ISLAMABAD: Women’s struggles in Pakistan often go unnoticed, but Muneeza Hashmi has brought them forth by documenting the struggles of the prominent women.

This was stated by the speakers at the launching ceremony of the book “Who am I?”, by the media practitioner, Muneeza Hashmi, at the Sustainable Development Policy Institute (SDPI).

The book documents Muneeza’s interviews with some of the most inspiring women in Pakistani history, including Benazir Bhutto, Bano Qudsia, Sabiha Khanum and others.

Muneeza is the daughter of the renowned poet, Faiz Ahmed Faiz. She was born in 1946 and received her masters degree in Education, from the University of Hawaii, in 1981.

She is also the president of the Commonwealth Broadcasting Association, UK. She started her career as an assistant producer in Pakistan Television (PTV), in 1967, and retired, in 2004, as a programme director.

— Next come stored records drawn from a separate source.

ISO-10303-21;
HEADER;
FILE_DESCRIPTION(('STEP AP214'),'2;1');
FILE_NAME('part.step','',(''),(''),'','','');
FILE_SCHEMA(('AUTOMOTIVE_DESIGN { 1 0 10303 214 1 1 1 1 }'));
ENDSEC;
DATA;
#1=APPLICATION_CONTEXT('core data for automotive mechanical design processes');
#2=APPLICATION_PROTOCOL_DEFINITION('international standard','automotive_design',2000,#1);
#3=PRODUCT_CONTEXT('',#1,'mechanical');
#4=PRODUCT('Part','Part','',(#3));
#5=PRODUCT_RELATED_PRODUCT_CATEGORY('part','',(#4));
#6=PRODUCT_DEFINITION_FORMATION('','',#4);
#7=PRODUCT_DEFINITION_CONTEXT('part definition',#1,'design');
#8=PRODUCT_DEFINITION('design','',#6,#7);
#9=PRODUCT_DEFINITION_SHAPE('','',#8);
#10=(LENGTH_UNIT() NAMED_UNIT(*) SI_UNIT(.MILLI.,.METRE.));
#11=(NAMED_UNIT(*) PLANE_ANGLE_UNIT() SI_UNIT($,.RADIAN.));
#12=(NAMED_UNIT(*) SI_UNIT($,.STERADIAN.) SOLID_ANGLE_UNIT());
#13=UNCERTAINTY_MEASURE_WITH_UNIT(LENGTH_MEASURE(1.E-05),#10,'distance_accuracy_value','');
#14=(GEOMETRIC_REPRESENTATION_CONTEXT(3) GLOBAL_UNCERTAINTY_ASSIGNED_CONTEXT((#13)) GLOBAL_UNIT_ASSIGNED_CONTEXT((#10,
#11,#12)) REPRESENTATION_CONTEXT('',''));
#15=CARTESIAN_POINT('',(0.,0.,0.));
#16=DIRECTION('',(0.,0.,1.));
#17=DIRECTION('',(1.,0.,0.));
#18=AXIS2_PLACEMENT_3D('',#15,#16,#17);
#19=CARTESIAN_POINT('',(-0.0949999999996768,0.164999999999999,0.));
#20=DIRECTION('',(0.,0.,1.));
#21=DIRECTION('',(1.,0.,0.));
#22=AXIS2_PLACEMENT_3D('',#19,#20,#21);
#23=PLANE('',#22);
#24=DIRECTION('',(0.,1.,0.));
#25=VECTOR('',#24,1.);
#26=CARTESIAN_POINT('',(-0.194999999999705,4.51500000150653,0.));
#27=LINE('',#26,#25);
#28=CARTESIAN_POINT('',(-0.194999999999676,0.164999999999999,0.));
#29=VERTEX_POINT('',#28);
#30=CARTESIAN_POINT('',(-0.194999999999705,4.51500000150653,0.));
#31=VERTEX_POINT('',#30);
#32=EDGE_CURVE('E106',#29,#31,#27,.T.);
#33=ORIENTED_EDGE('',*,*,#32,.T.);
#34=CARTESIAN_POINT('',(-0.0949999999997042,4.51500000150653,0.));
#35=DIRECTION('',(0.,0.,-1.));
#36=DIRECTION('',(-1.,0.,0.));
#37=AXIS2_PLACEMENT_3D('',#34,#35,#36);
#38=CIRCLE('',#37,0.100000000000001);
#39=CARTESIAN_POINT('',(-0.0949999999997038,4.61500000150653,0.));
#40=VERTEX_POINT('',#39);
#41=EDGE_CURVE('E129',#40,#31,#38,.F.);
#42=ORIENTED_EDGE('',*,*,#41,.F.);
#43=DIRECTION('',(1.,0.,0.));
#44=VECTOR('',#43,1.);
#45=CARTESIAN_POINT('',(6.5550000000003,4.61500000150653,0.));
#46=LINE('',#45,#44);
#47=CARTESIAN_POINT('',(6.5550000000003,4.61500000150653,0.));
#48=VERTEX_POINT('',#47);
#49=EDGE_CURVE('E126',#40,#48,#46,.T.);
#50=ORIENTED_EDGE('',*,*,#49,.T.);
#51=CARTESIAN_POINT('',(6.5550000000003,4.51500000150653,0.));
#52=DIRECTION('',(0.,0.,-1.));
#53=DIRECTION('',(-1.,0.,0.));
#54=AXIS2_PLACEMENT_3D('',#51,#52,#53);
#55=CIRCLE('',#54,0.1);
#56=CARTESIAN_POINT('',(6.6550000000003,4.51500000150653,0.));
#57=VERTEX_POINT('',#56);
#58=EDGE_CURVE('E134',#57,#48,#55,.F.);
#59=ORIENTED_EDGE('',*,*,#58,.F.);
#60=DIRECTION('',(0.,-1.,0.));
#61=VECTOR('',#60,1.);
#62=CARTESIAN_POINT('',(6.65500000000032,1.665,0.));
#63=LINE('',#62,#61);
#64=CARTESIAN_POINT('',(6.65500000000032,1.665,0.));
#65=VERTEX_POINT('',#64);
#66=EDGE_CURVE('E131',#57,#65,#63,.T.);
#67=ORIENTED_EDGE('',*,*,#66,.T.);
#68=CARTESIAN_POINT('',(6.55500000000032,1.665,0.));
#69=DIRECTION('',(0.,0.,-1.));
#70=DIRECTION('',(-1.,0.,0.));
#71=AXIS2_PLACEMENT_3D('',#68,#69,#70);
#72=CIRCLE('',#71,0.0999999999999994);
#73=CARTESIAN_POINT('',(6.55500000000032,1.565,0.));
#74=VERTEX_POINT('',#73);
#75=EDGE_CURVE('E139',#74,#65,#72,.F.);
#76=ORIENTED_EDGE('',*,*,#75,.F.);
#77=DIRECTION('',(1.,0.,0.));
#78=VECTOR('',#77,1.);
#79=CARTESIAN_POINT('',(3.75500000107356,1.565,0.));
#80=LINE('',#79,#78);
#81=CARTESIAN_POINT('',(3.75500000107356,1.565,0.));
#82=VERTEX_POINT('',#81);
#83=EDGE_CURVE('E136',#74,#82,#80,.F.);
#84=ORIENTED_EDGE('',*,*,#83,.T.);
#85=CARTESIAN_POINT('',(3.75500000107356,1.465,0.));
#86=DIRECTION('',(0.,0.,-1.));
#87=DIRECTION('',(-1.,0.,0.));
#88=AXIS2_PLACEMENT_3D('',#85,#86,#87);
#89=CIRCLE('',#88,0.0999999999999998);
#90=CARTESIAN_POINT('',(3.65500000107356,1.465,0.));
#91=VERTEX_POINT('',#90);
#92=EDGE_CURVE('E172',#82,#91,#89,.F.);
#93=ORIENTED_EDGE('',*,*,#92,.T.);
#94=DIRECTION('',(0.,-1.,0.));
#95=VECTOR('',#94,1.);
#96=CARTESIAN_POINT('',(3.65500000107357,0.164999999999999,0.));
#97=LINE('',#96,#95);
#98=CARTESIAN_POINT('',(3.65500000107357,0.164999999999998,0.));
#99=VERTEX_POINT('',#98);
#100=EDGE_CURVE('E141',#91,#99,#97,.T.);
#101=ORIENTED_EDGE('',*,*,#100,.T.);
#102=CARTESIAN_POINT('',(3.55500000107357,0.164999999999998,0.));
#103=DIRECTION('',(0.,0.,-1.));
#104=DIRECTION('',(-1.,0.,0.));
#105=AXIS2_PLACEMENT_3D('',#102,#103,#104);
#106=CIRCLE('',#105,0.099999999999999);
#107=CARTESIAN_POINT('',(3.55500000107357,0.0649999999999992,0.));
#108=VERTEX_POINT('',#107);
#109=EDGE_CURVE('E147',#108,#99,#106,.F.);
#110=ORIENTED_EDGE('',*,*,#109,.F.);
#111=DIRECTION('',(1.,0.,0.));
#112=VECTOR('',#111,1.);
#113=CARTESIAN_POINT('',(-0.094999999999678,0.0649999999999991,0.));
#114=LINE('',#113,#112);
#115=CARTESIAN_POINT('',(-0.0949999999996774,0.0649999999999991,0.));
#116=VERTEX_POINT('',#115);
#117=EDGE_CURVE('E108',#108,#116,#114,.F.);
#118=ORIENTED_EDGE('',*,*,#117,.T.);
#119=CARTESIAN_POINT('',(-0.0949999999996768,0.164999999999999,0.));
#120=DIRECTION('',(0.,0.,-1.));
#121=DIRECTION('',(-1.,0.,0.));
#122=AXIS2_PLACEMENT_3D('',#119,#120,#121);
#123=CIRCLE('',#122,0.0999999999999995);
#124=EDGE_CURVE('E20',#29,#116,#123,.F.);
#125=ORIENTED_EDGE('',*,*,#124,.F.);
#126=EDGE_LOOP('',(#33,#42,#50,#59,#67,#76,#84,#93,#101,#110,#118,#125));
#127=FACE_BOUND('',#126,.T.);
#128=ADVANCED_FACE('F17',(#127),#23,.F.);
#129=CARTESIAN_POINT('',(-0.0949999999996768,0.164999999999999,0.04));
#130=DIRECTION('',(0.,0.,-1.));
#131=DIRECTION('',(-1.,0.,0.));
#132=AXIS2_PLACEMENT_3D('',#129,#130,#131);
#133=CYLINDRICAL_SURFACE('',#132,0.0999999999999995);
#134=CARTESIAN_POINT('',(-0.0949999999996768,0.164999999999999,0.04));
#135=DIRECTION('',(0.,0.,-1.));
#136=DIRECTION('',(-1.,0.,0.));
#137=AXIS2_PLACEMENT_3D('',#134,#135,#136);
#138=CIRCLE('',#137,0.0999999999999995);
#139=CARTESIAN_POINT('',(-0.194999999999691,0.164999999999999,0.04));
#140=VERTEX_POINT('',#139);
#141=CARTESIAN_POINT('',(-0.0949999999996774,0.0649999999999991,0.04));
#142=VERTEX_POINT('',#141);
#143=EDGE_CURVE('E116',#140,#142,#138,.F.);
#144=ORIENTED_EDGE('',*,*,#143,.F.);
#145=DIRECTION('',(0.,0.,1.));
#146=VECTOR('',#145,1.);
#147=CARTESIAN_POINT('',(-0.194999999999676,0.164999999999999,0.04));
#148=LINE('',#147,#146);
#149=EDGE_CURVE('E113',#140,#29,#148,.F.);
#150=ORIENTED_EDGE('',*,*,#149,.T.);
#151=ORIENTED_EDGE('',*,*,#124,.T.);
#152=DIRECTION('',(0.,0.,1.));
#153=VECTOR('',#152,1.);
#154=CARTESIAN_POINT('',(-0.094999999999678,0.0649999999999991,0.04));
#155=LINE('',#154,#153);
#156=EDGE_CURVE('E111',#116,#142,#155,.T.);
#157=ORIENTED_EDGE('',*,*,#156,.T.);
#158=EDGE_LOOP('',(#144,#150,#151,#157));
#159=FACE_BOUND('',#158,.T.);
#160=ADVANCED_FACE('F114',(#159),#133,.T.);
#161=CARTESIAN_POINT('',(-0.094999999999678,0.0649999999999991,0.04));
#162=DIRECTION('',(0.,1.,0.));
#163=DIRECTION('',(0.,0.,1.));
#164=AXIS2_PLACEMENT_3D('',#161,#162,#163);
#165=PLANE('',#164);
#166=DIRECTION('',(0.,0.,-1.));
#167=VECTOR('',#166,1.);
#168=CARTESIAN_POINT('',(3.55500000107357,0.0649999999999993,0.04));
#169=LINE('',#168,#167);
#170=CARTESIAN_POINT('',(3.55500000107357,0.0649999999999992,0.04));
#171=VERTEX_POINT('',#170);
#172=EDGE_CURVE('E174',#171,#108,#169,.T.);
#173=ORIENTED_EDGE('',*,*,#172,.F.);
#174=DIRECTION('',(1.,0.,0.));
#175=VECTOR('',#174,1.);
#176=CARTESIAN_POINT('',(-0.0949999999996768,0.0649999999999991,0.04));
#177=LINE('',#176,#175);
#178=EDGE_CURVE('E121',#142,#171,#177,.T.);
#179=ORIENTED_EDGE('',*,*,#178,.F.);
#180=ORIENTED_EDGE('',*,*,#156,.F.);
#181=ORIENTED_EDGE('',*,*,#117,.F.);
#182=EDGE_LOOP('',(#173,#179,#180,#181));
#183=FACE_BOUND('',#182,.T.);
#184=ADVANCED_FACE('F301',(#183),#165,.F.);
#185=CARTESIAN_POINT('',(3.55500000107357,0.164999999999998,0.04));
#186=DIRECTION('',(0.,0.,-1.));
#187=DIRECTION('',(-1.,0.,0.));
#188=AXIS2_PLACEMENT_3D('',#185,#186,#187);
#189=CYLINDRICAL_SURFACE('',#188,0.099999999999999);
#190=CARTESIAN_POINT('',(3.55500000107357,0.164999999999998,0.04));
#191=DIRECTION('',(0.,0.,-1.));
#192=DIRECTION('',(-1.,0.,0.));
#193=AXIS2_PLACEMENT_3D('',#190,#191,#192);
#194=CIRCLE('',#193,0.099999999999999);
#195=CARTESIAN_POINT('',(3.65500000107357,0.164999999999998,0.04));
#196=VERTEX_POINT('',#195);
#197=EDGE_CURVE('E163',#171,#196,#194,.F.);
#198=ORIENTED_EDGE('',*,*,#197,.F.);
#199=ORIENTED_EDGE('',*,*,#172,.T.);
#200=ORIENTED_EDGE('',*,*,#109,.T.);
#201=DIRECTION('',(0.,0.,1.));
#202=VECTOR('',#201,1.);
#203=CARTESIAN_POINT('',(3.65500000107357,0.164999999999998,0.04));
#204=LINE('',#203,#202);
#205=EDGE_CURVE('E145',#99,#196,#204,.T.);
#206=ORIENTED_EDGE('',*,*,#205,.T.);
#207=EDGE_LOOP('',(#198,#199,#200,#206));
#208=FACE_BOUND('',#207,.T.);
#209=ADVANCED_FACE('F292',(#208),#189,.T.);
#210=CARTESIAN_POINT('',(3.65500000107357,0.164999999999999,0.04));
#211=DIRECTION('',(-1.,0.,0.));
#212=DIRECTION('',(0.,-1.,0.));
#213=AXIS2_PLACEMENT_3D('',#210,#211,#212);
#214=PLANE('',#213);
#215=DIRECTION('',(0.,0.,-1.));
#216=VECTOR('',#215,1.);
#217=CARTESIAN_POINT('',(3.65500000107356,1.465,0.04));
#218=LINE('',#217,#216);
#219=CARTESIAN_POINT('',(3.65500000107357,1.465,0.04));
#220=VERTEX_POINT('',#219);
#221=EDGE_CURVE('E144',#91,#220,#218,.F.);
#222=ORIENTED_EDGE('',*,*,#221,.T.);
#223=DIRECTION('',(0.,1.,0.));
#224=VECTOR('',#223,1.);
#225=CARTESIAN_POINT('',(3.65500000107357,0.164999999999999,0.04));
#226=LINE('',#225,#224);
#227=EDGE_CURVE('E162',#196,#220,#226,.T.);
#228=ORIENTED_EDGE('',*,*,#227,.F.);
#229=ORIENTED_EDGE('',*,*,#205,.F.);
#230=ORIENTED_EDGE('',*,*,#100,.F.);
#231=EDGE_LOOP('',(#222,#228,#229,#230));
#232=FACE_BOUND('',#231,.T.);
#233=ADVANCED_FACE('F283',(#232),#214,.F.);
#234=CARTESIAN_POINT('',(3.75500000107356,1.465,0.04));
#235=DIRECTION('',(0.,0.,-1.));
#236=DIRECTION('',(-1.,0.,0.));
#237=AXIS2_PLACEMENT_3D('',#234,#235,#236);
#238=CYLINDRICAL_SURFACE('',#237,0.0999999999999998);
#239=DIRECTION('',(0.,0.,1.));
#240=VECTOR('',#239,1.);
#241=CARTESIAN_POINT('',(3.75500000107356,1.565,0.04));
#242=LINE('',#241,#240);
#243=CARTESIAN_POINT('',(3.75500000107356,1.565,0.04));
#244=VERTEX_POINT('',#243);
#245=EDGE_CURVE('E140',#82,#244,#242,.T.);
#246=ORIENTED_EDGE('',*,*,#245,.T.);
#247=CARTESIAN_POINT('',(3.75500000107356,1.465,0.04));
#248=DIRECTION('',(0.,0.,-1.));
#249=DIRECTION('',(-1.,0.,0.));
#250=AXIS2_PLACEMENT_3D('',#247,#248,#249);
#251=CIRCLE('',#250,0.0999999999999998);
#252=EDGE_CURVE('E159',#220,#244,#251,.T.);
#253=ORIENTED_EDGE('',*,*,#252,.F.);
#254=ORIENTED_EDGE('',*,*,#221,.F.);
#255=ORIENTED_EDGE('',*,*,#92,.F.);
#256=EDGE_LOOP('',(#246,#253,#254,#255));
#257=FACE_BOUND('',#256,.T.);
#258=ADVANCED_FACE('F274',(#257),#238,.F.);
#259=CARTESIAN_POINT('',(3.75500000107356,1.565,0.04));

She received president of Pakistan’s ‘Pride of Performance Award’ in 2002, for the portrayal of women in the electronic media of Pakistan.

Muneeza said that all of the interviews were recorded for PTV, but she felt that they should be reproduced in the form of a book, because printed documents are considered more credible, and they are more lively.

“I grew up in an atmosphere where there was an absentee father, and the whole responsibility of bringing up the kids was on the shoulders of my mother. My mother acted as the ‘roof and support’ to keep the family together,” she said.“In Pakistan, family generates more bonding as compared to the west. I got the support from my family throughout my life,” she said.

“Pakistani channels have been losing the focus of who their true audiences are. The Pakistan Electronic Media Regulatory Authority (PEMRA) has become less effective, while channels continue to compete on commercial terms. Violence against women has become a tool for selling commercial dramas, while the real issues faced by women are rarely highlighted,” she said.

Talking about the interviews, Muneeza said that each interview was of 25 minutes and they were recorded for PTV, so she feels that there were some deficiencies.

The interview with the renowned writer, Bano Qudsia, was played during the time when, she said, writing a book was a very difficult job for a woman.

“While writing books, I realised that I was ignoring my husband and children, and that was really painful for a woman,” Ms Qudsia said.

On the occasion, the chairperson of the National Commission on Status of Women Khawar Mumtaz, former Pro-VC of the Fatima Jinnah Women’s University Prof Iftikhar-un-Nisa Hasan, educationist Dr Najma Najum, and others were also present.